Subject: Re: -current very unstable on Ultra10 (fwd)
To: Martin Husemann <martin@duskware.de>
From: Arto Huusko <arto.huusko@utu.fi>
List: port-sparc64
Date: 10/31/2004 18:33:17
On Sun, 31 Oct 2004, Martin Husemann wrote:

> On Sun, Oct 31, 2004 at 04:35:24PM +0200, Arto Huusko wrote:
> > The crash occured in function "environment()", called from
> > "evalcommand()". Note that all the sh cores I've looked at seem
> > to always happen when sh is trying to execute some command
> > via `cmd` (or $(cmd)) mechanism.
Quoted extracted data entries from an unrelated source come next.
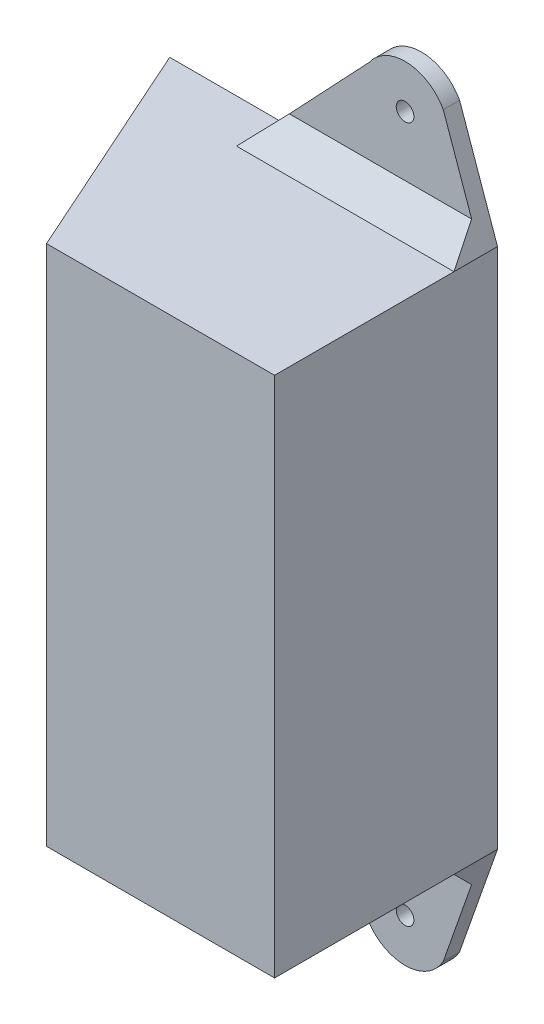
SolidWorks part; units mm, degrees
ref_plane "Alzado" through (0, 0, 0) normal (0, 0, 1) x (1, 0, 0)
ref_plane "Planta" through (0, 0, 0) normal (0, 1, 0) x (1, 0, 0)
ref_plane "Vista lateral" through (0, 0, 0) normal (1, 0, 0) x (0, 0, -1)
sketch "Croquis1" plane through (0, 0, 0) normal (0, 0, 1) x (1, 0, 0)
  line L0 (0, 45) -> (37, 45)
  line L1 (37, 45) -> (37, -45)
  line L2 (37, -45) -> (0, -45)
  line L3 (0, 48) -> (40, 48)
  line L4 (40, 48) -> (40, -48)
  line L5 (40, -48) -> (0, -48)
  line L6 (0, 48) -> (0, 45)
  line L7 (0, -45) -> (0, -48)
  dimension "D1" = 90
  dimension "D2" = 37
  dimension "D4" = 45
  dimension "D3" = 3
extrude "Saliente-Extruir1" add sketch "Croquis1" along normal blind 38
sketch "Croquis2" plane through (0, 0, 0) normal (0, 0, -1) x (-1, 0, 0)
  line L0 (-40, -48) -> (-40, 48) construction
  line L1 (-40, -48) -> (-33.0263, -67.825)
  line L2 (0, -48) -> (-19.442, -68.5818)
  line L3 (-40, -48) -> (0, -48)
  line L4 (0, 0) -> (-65.1391, 0) construction
  line L5 (-40, 48) -> (0, 48)
  line L6 (0, 48) -> (-19.442, 68.5818)
  line L7 (-40, 48) -> (-33.0263, 67.825)
  circle A0 centre (-26, -64) radius 1.625
  arc A1 (-33.0263, -67.825) -> (-19.442, -68.5818) centre (-26, -64) ccw
  arc A2 (-33.0263, 67.825) -> (-19.442, 68.5818) centre (-26, 64) cw
  circle A3 centre (-26, 64) radius 1.625
  dimension "D2" = 3.25
  dimension "D4" = 16
  dimension "D1" = 14
  dimension "D3" = 64
extrude "Saliente-Extruir2" add sketch "Croquis2" against normal blind 3
chamfer "Chaflán1" distance 5 angle 45 2 edges at (20, -48, 3) (20, 48, 3)
sketch "Croquis3" plane through (0, -48, 0) normal (0, -1, 0) x (1, 0, 0)
  line L0 (0, 38) -> (-17, 0)
  line L1 (-17, 0) -> (0, 0)
  line L2 (0, 0) -> (0, 38)
  dimension "D1" = 17
extrude "Saliente-Extruir3" add sketch "Croquis3" against normal blind 3
sketch "Croquis4" plane through (0, 48, 0) normal (0, 1, 0) x (1, 0, 0)
  line L0 (0, 0) -> (0, -38)
  line L1 (0, -38) -> (-17, 0)
  line L2 (-17, 0) -> (0, 0)
  dimension "D1" = 17
extrude "Saliente-Extruir4" add sketch "Croquis4" against normal blind 3
sketch "Croquis6" plane through (0, 0, 38) normal (0, 0, 1) x (1, 0, 0)
  line L1 (40, 48) -> (0, 48)
  line L2 (40, 48) -> (40, -48)
  line L3 (40, -48) -> (0, -48)
  line L4 (0, 48) -> (0, -48)
extrude "Saliente-Extruir5" add sketch "Croquis6" along normal blind 3
sketch "Croquis7" plane through (0, -48, 0) normal (0, -1, 0) x (1, 0, 0)
  line L0 (-17, 0) -> (0, 38)
  line L1 (0, 38) -> (0, 41)
  line L3 (-1.9444, 41) -> (-20.2865, 0)
  line L4 (-20.2865, 0) -> (-17, 0)
  line L6 (0, 41) -> (-1.9444, 41)
  dimension "D1" = 3
extrude "Saliente-Extruir6" add sketch "Croquis7" against normal up to vertex (96 mm away)
sketch "Croquis8" plane through (-16.9035, 0, 7.5621) normal (-0.9128, 0, 0.4084) x (0.4084, 0, 0.9128)
  line L0 (6.7157, 38) -> (6.7157, -25.8685) construction
  line L1 (36.6315, 48) -> (-8.2843, 48) construction
  line L2 (-8.2843, 48) -> (-8.2843, -48) construction
  text T0 "<b>SAMI</b>" font "Comic Sans MS" height 20
  dimension "D1" = 10
  dimension "D2" = 15
extrude "Saliente-Extruir7" add sketch "Croquis8" along normal blind 2

The traces all look more or less
> > similar, and the errors occur in environment().
>
> Could you try downgrading src/bin/sh
>   var.c to revision 1.34 and
>   var.h to revision 1.22
> and then build/reinstall sh?
>
> Please let us know if this fixes things for you. I've ocasionally seen
> crashes in /etc/daily runs now - maybe this is related.

I tested with a small sh script which stresses both environment
vars and $(cmd) construct. Both the sh with the var.[ch] versions
above and the sh  with up-to-date versions crash.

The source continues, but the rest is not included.